Stored data:
---

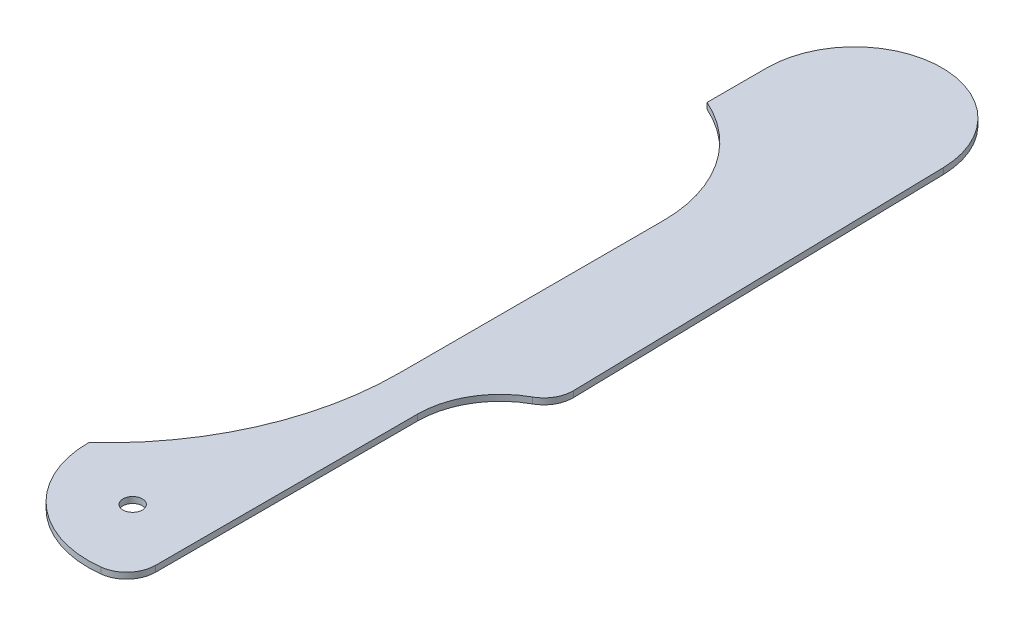
ISO-10303-21;
HEADER;
FILE_DESCRIPTION(('STEP AP214'),'2;1');
FILE_NAME('part.step','',(''),(''),'','','');
FILE_SCHEMA(('AUTOMOTIVE_DESIGN { 1 0 10303 214 1 1 1 1 }'));
ENDSEC;
DATA;
#1=APPLICATION_CONTEXT('core data for automotive mechanical design processes');
#2=APPLICATION_PROTOCOL_DEFINITION('international standard','automotive_design',2000,#1);
#3=PRODUCT_CONTEXT('',#1,'mechanical');
#4=PRODUCT('Part','Part','',(#3));
#5=PRODUCT_RELATED_PRODUCT_CATEGORY('part','',(#4));
#6=PRODUCT_DEFINITION_FORMATION('','',#4);
#7=PRODUCT_DEFINITION_CONTEXT('part definition',#1,'design');
#8=PRODUCT_DEFINITION('design','',#6,#7);
#9=PRODUCT_DEFINITION_SHAPE('','',#8);
#10=(LENGTH_UNIT() NAMED_UNIT(*) SI_UNIT(.MILLI.,.METRE.));
#11=(NAMED_UNIT(*) PLANE_ANGLE_UNIT() SI_UNIT($,.RADIAN.));
#12=(NAMED_UNIT(*) SI_UNIT($,.STERADIAN.) SOLID_ANGLE_UNIT());
#13=UNCERTAINTY_MEASURE_WITH_UNIT(LENGTH_MEASURE(1.E-05),#10,'distance_accuracy_value','');
#14=(GEOMETRIC_REPRESENTATION_CONTEXT(3) GLOBAL_UNCERTAINTY_ASSIGNED_CONTEXT((#13)) GLOBAL_UNIT_ASSIGNED_CONTEXT((#10,
#11,#12)) REPRESENTATION_CONTEXT('',''));
#15=CARTESIAN_POINT('',(0.,0.,0.));
#16=DIRECTION('',(0.,0.,1.));
#17=DIRECTION('',(1.,0.,0.));
#18=AXIS2_PLACEMENT_3D('',#15,#16,#17);
#19=CARTESIAN_POINT('',(0.503341369163434,0.5,12.2781082761111));
#20=DIRECTION('',(0.,-1.,0.));
#21=DIRECTION('',(0.,0.,-1.));
#22=AXIS2_PLACEMENT_3D('',#19,#20,#21);
#23=CYLINDRICAL_SURFACE('',#22,5.4);
#24=CARTESIAN_POINT('',(0.503341369163434,0.125,12.2781082761111));
#25=DIRECTION('',(0.,1.,0.));
#26=DIRECTION('',(0.,0.,-1.));
#27=AXIS2_PLACEMENT_3D('',#24,#25,#26);
#28=CIRCLE('',#27,5.4);
#29=CARTESIAN_POINT('',(5.90205631539494,0.125,12.1603078969244));
#30=VERTEX_POINT('',#29);
#31=CARTESIAN_POINT('',(-4.89665863083657,0.125,12.2781082761111));
#32=VERTEX_POINT('',#31);
#33=EDGE_CURVE('E154',#30,#32,#28,.T.);
#34=ORIENTED_EDGE('',*,*,#33,.T.);
#35=DIRECTION('',(0.,-1.,0.));
#36=VECTOR('',#35,1.);
#37=CARTESIAN_POINT('',(-4.89665863083657,0.5,12.2781082761111));
#38=LINE('',#37,#36);
#39=CARTESIAN_POINT('',(-4.89665863083657,0.5,12.2781082761111));
#40=VERTEX_POINT('',#39);
#41=EDGE_CURVE('E11',#40,#32,#38,.T.);
#42=ORIENTED_EDGE('',*,*,#41,.F.);
#43=CARTESIAN_POINT('',(0.503341369163434,0.5,12.2781082761111));
#44=DIRECTION('',(0.,1.,0.));
#45=DIRECTION('',(0.,0.,-1.));
#46=AXIS2_PLACEMENT_3D('',#43,#44,#45);
#47=CIRCLE('',#46,5.4);
#48=CARTESIAN_POINT('',(5.90205631539494,0.5,12.1603078969244));
#49=VERTEX_POINT('',#48);
#50=EDGE_CURVE('E174',#49,#40,#47,.T.);
#51=ORIENTED_EDGE('',*,*,#50,.F.);
#52=DIRECTION('',(0.,-1.,0.));
#53=VECTOR('',#52,1.);
#54=CARTESIAN_POINT('',(5.90205631539494,0.5,12.1603078969244));
#55=LINE('',#54,#53);
#56=EDGE_CURVE('E150',#49,#30,#55,.T.);
#57=ORIENTED_EDGE('',*,*,#56,.T.);
#58=EDGE_LOOP('',(#34,#42,#51,#57));
#59=FACE_BOUND('',#58,.T.);
#60=ADVANCED_FACE('F39',(#59),#23,.T.);
#61=CARTESIAN_POINT('',(-4.89665863083657,0.5,15.9981082761111));
#62=DIRECTION('',(1.,0.,0.));
#63=DIRECTION('',(0.,0.,-1.));
#64=AXIS2_PLACEMENT_3D('',#61,#62,#63);
#65=PLANE('',#64);
#66=DIRECTION('',(0.,0.,1.));
#67=VECTOR('',#66,1.);
#68=CARTESIAN_POINT('',(-4.89665863083657,0.125,15.9981082761111));
#69=LINE('',#68,#67);
#70=CARTESIAN_POINT('',(-4.89665863083657,0.125,15.9981082761111));
#71=VERTEX_POINT('',#70);
#72=EDGE_CURVE('E157',#32,#71,#69,.T.);
#73=ORIENTED_EDGE('',*,*,#72,.T.);
#74=DIRECTION('',(0.,-1.,0.));
#75=VECTOR('',#74,1.);
#76=CARTESIAN_POINT('',(-4.89665863083657,0.5,15.9981082761111));
#77=LINE('',#76,#75);
#78=CARTESIAN_POINT('',(-4.89665863083657,0.5,15.9981082761111));
#79=VERTEX_POINT('',#78);
#80=EDGE_CURVE('E48',#79,#71,#77,.T.);
#81=ORIENTED_EDGE('',*,*,#80,.F.);
#82=DIRECTION('',(0.,0.,1.));
#83=VECTOR('',#82,1.);
#84=CARTESIAN_POINT('',(-4.89665863083657,0.5,15.9981082761111));
#85=LINE('',#84,#83);
#86=EDGE_CURVE('E108',#40,#79,#85,.T.);
#87=ORIENTED_EDGE('',*,*,#86,.F.);
#88=ORIENTED_EDGE('',*,*,#41,.T.);
#89=EDGE_LOOP('',(#73,#81,#87,#88));
#90=FACE_BOUND('',#89,.T.);
#91=ADVANCED_FACE('F248',(#90),#65,.F.);
#92=CARTESIAN_POINT('',(-8.31665863083656,0.5,23.6703700026165));
#93=DIRECTION('',(0.,-1.,0.));
#94=DIRECTION('',(0.,0.,-1.));
#95=AXIS2_PLACEMENT_3D('',#92,#93,#94);
#96=CYLINDRICAL_SURFACE('',#95,8.4);
#97=CARTESIAN_POINT('',(-8.31665863083656,0.125,23.6703700026165));
#98=DIRECTION('',(0.,-1.,0.));
#99=DIRECTION('',(0.,0.,1.));
#100=AXIS2_PLACEMENT_3D('',#97,#98,#99);
#101=CIRCLE('',#100,8.4);
#102=CARTESIAN_POINT('',(0.0833413691634394,0.125,23.6703700026165));
#103=VERTEX_POINT('',#102);
#104=EDGE_CURVE('E159',#71,#103,#101,.T.);
#105=ORIENTED_EDGE('',*,*,#104,.T.);
#106=DIRECTION('',(0.,-1.,0.));
#107=VECTOR('',#106,1.);
#108=CARTESIAN_POINT('',(0.0833413691634394,0.5,23.6703700026165));
#109=LINE('',#108,#107);
#110=CARTESIAN_POINT('',(0.0833413691634394,0.5,23.6703700026165));
#111=VERTEX_POINT('',#110);
#112=EDGE_CURVE('E190',#111,#103,#109,.T.);
#113=ORIENTED_EDGE('',*,*,#112,.F.);
#114=CARTESIAN_POINT('',(-8.31665863083656,0.5,23.6703700026165));
#115=DIRECTION('',(0.,-1.,0.));
#116=DIRECTION('',(0.,0.,1.));
#117=AXIS2_PLACEMENT_3D('',#114,#115,#116);
#118=CIRCLE('',#117,8.4);
#119=EDGE_CURVE('E199',#79,#111,#118,.T.);
#120=ORIENTED_EDGE('',*,*,#119,.F.);
#121=ORIENTED_EDGE('',*,*,#80,.T.);
#122=EDGE_LOOP('',(#105,#113,#120,#121));
#123=FACE_BOUND('',#122,.T.);
#124=ADVANCED_FACE('F197',(#123),#96,.F.);
#125=CARTESIAN_POINT('',(0.0833413691634395,0.5,40.0203700026165));
#126=DIRECTION('',(1.,0.,0.));
#127=DIRECTION('',(0.,0.,-1.));
#128=AXIS2_PLACEMENT_3D('',#125,#126,#127);
#129=PLANE('',#128);
#130=DIRECTION('',(0.,0.,1.));
#131=VECTOR('',#130,1.);
#132=CARTESIAN_POINT('',(0.0833413691634395,0.125,40.0203700026165));
#133=LINE('',#132,#131);
#134=CARTESIAN_POINT('',(0.0833413691634395,0.125,40.0203700026165));
#135=VERTEX_POINT('',#134);
#136=EDGE_CURVE('E161',#103,#135,#133,.T.);
#137=ORIENTED_EDGE('',*,*,#136,.T.);
#138=DIRECTION('',(0.,-1.,0.));
#139=VECTOR('',#138,1.);
#140=CARTESIAN_POINT('',(0.0833413691634395,0.5,40.0203700026165));
#141=LINE('',#140,#139);
#142=CARTESIAN_POINT('',(0.0833413691634395,0.5,40.0203700026165));
#143=VERTEX_POINT('',#142);
#144=EDGE_CURVE('E187',#143,#135,#141,.T.);
#145=ORIENTED_EDGE('',*,*,#144,.F.);
#146=DIRECTION('',(0.,0.,1.));
#147=VECTOR('',#146,1.);
#148=CARTESIAN_POINT('',(0.0833413691634395,0.5,40.0203700026165));
#149=LINE('',#148,#147);
#150=EDGE_CURVE('E217',#111,#143,#149,.T.);
#151=ORIENTED_EDGE('',*,*,#150,.F.);
#152=ORIENTED_EDGE('',*,*,#112,.T.);
#153=EDGE_LOOP('',(#137,#145,#151,#152));
#154=FACE_BOUND('',#153,.T.);
#155=ADVANCED_FACE('F208',(#154),#129,.F.);
#156=CARTESIAN_POINT('',(-17.9166586308366,0.5,40.0203700026165));
#157=DIRECTION('',(0.,-1.,0.));
#158=DIRECTION('',(0.,0.,-1.));
#159=AXIS2_PLACEMENT_3D('',#156,#157,#158);
#160=CYLINDRICAL_SURFACE('',#159,18.);
#161=CARTESIAN_POINT('',(-17.9166586308366,0.125,40.0203700026165));
#162=DIRECTION('',(0.,-1.,0.));
#163=DIRECTION('',(0.,0.,1.));
#164=AXIS2_PLACEMENT_3D('',#161,#162,#163);
#165=CIRCLE('',#164,18.);
#166=CARTESIAN_POINT('',(-5.79648405405819,0.125,53.3283138042868));
#167=VERTEX_POINT('',#166);
#168=EDGE_CURVE('E163',#135,#167,#165,.T.);
#169=ORIENTED_EDGE('',*,*,#168,.T.);
#170=DIRECTION('',(0.,-1.,0.));
#171=VECTOR('',#170,1.);
#172=CARTESIAN_POINT('',(-5.79648405405819,0.5,53.3283138042868));
#173=LINE('',#172,#171);
#174=CARTESIAN_POINT('',(-5.79648405405819,0.5,53.3283138042868));
#175=VERTEX_POINT('',#174);
#176=EDGE_CURVE('E184',#175,#167,#173,.T.);
#177=ORIENTED_EDGE('',*,*,#176,.F.);
#178=CARTESIAN_POINT('',(-17.9166586308366,0.5,40.0203700026165));
#179=DIRECTION('',(0.,-1.,0.));
#180=DIRECTION('',(0.,0.,1.));
#181=AXIS2_PLACEMENT_3D('',#178,#179,#180);
#182=CIRCLE('',#181,18.);
#183=EDGE_CURVE('E214',#143,#175,#182,.T.);
#184=ORIENTED_EDGE('',*,*,#183,.F.);
#185=ORIENTED_EDGE('',*,*,#144,.T.);
#186=EDGE_LOOP('',(#169,#177,#184,#185));
#187=FACE_BOUND('',#186,.T.);
#188=ADVANCED_FACE('F212',(#187),#160,.F.);
#189=CARTESIAN_POINT('',(0.503341369163441,0.5,53.3752140913901));
#190=DIRECTION('',(0.,-1.,0.));
#191=DIRECTION('',(0.,0.,-1.));
#192=AXIS2_PLACEMENT_3D('',#189,#190,#191);
#193=CYLINDRICAL_SURFACE('',#192,6.3);
#194=CARTESIAN_POINT('',(0.503341369163441,0.125,53.3752140913901));
#195=DIRECTION('',(0.,1.,0.));
#196=DIRECTION('',(0.,0.,-1.));
#197=AXIS2_PLACEMENT_3D('',#194,#195,#196);
#198=CIRCLE('',#197,6.3);
#199=CARTESIAN_POINT('',(1.25934136916344,0.125,59.6296896089695));
#200=VERTEX_POINT('',#199);
#201=EDGE_CURVE('E165',#167,#200,#198,.T.);
#202=ORIENTED_EDGE('',*,*,#201,.T.);
#203=DIRECTION('',(0.,-1.,0.));
#204=VECTOR('',#203,1.);
#205=CARTESIAN_POINT('',(1.25934136916344,0.5,59.6296896089695));
#206=LINE('',#205,#204);
#207=CARTESIAN_POINT('',(1.25934136916344,0.5,59.6296896089695));
#208=VERTEX_POINT('',#207);
#209=EDGE_CURVE('E181',#208,#200,#206,.T.);
#210=ORIENTED_EDGE('',*,*,#209,.F.);
#211=CARTESIAN_POINT('',(0.503341369163441,0.5,53.3752140913901));
#212=DIRECTION('',(0.,1.,0.));
#213=DIRECTION('',(0.,0.,-1.));
#214=AXIS2_PLACEMENT_3D('',#211,#212,#213);
#215=CIRCLE('',#214,6.3);
#216=EDGE_CURVE('E216',#175,#208,#215,.T.);
#217=ORIENTED_EDGE('',*,*,#216,.F.);
#218=ORIENTED_EDGE('',*,*,#176,.T.);
#219=EDGE_LOOP('',(#202,#210,#217,#218));
#220=FACE_BOUND('',#219,.T.);
#221=ADVANCED_FACE('F261',(#220),#193,.T.);
#222=CARTESIAN_POINT('',(1.04334136916344,0.5,57.8426966039468));
#223=DIRECTION('',(0.,-1.,0.));
#224=DIRECTION('',(0.,0.,-1.));
#225=AXIS2_PLACEMENT_3D('',#222,#223,#224);
#226=CYLINDRICAL_SURFACE('',#225,1.80000000000001);
#227=CARTESIAN_POINT('',(1.04334136916344,0.125,57.8426966039468));
#228=DIRECTION('',(0.,1.,0.));
#229=DIRECTION('',(0.,0.,-1.));
#230=AXIS2_PLACEMENT_3D('',#227,#228,#229);
#231=CIRCLE('',#230,1.80000000000001);
#232=CARTESIAN_POINT('',(2.84334136916345,0.125,57.8426966039468));
#233=VERTEX_POINT('',#232);
#234=EDGE_CURVE('E167',#200,#233,#231,.T.);
#235=ORIENTED_EDGE('',*,*,#234,.T.);
#236=DIRECTION('',(0.,-1.,0.));
#237=VECTOR('',#236,1.);
#238=CARTESIAN_POINT('',(2.84334136916345,0.5,57.8426966039468));
#239=LINE('',#238,#237);
#240=CARTESIAN_POINT('',(2.84334136916345,0.5,57.8426966039468));
#241=VERTEX_POINT('',#240);
#242=EDGE_CURVE('E178',#241,#233,#239,.T.);
#243=ORIENTED_EDGE('',*,*,#242,.F.);
#244=CARTESIAN_POINT('',(1.04334136916344,0.5,57.8426966039468));
#245=DIRECTION('',(0.,1.,0.));
#246=DIRECTION('',(0.,0.,-1.));
#247=AXIS2_PLACEMENT_3D('',#244,#245,#246);
#248=CIRCLE('',#247,1.80000000000001);
#249=EDGE_CURVE('E219',#208,#241,#248,.T.);
#250=ORIENTED_EDGE('',*,*,#249,.F.);
#251=ORIENTED_EDGE('',*,*,#209,.T.);
#252=EDGE_LOOP('',(#235,#243,#250,#251));
#253=FACE_BOUND('',#252,.T.);
#254=ADVANCED_FACE('F228',(#253),#226,.T.);
#255=CARTESIAN_POINT('',(2.84334136916344,0.5,41.6426966039469));
#256=DIRECTION('',(-1.,0.,0.));
#257=DIRECTION('',(0.,0.,1.));
#258=AXIS2_PLACEMENT_3D('',#255,#256,#257);
#259=PLANE('',#258);
#260=DIRECTION('',(0.,0.,-1.));
#261=VECTOR('',#260,1.);
#262=CARTESIAN_POINT('',(2.84334136916344,0.125,41.6426966039469));
#263=LINE('',#262,#261);
#264=CARTESIAN_POINT('',(2.84334136916344,0.125,41.6426966039469));
#265=VERTEX_POINT('',#264);
#266=EDGE_CURVE('E169',#233,#265,#263,.T.);
#267=ORIENTED_EDGE('',*,*,#266,.T.);
#268=DIRECTION('',(0.,-1.,0.));
#269=VECTOR('',#268,1.);
#270=CARTESIAN_POINT('',(2.84334136916344,0.5,41.6426966039469));
#271=LINE('',#270,#269);
#272=CARTESIAN_POINT('',(2.84334136916344,0.5,41.6426966039469));
#273=VERTEX_POINT('',#272);
#274=EDGE_CURVE('E145',#273,#265,#271,.T.);
#275=ORIENTED_EDGE('',*,*,#274,.F.);
#276=DIRECTION('',(0.,0.,-1.));
#277=VECTOR('',#276,1.);
#278=CARTESIAN_POINT('',(2.84334136916344,0.5,41.6426966039469));
#279=LINE('',#278,#277);
#280=EDGE_CURVE('E136',#241,#273,#279,.T.);
#281=ORIENTED_EDGE('',*,*,#280,.F.);
#282=ORIENTED_EDGE('',*,*,#242,.T.);
#283=EDGE_LOOP('',(#267,#275,#281,#282));
#284=FACE_BOUND('',#283,.T.);
#285=ADVANCED_FACE('F232',(#284),#259,.F.);
#286=CARTESIAN_POINT('',(7.94334136916344,0.5,41.6426966039469));
#287=DIRECTION('',(0.,-1.,0.));
#288=DIRECTION('',(0.,0.,-1.));
#289=AXIS2_PLACEMENT_3D('',#286,#287,#288);
#290=CYLINDRICAL_SURFACE('',#289,5.1);
#291=CARTESIAN_POINT('',(7.94334136916344,0.125,41.6426966039469));
#292=DIRECTION('',(0.,-1.,0.));
#293=DIRECTION('',(0.,0.,1.));
#294=AXIS2_PLACEMENT_3D('',#291,#292,#293);
#295=CIRCLE('',#294,5.1);
#296=CARTESIAN_POINT('',(5.4818397576583,0.125,37.1760412762371));
#297=VERTEX_POINT('',#296);
#298=EDGE_CURVE('E144',#265,#297,#295,.T.);
#299=ORIENTED_EDGE('',*,*,#298,.T.);
#300=DIRECTION('',(0.,-1.,0.));
#301=VECTOR('',#300,1.);
#302=CARTESIAN_POINT('',(5.4818397576583,0.5,37.1760412762371));
#303=LINE('',#302,#301);
#304=CARTESIAN_POINT('',(5.4818397576583,0.5,37.1760412762371));
#305=VERTEX_POINT('',#304);
#306=EDGE_CURVE('E141',#305,#297,#303,.T.);
#307=ORIENTED_EDGE('',*,*,#306,.F.);
#308=CARTESIAN_POINT('',(7.94334136916344,0.5,41.6426966039469));
#309=DIRECTION('',(0.,-1.,0.));
#310=DIRECTION('',(0.,0.,1.));
#311=AXIS2_PLACEMENT_3D('',#308,#309,#310);
#312=CIRCLE('',#311,5.1);
#313=EDGE_CURVE('E130',#273,#305,#312,.T.);
#314=ORIENTED_EDGE('',*,*,#313,.F.);
#315=ORIENTED_EDGE('',*,*,#274,.T.);
#316=EDGE_LOOP('',(#299,#307,#314,#315));
#317=FACE_BOUND('',#316,.T.);
#318=ADVANCED_FACE('F142',(#317),#290,.F.);
#319=CARTESIAN_POINT('',(4.61307448300942,0.5,35.5995746899866));
#320=DIRECTION('',(0.,-1.,0.));
#321=DIRECTION('',(0.,0.,-1.));
#322=AXIS2_PLACEMENT_3D('',#319,#320,#321);
#323=CYLINDRICAL_SURFACE('',#322,1.8);
#324=CARTESIAN_POINT('',(4.61307448300942,0.125,35.5995746899866));
#325=DIRECTION('',(0.,1.,0.));
#326=DIRECTION('',(0.,0.,-1.));
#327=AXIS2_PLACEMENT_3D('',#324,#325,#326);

---

TASK TO CARRY OUT:
Check each line of the data above for the word "mechanical" and copy the ones where it is found.

FINISHED TASK:
#1=APPLICATION_CONTEXT('core data for automotive mechanical design processes');
#3=PRODUCT_CONTEXT('',#1,'mechanical');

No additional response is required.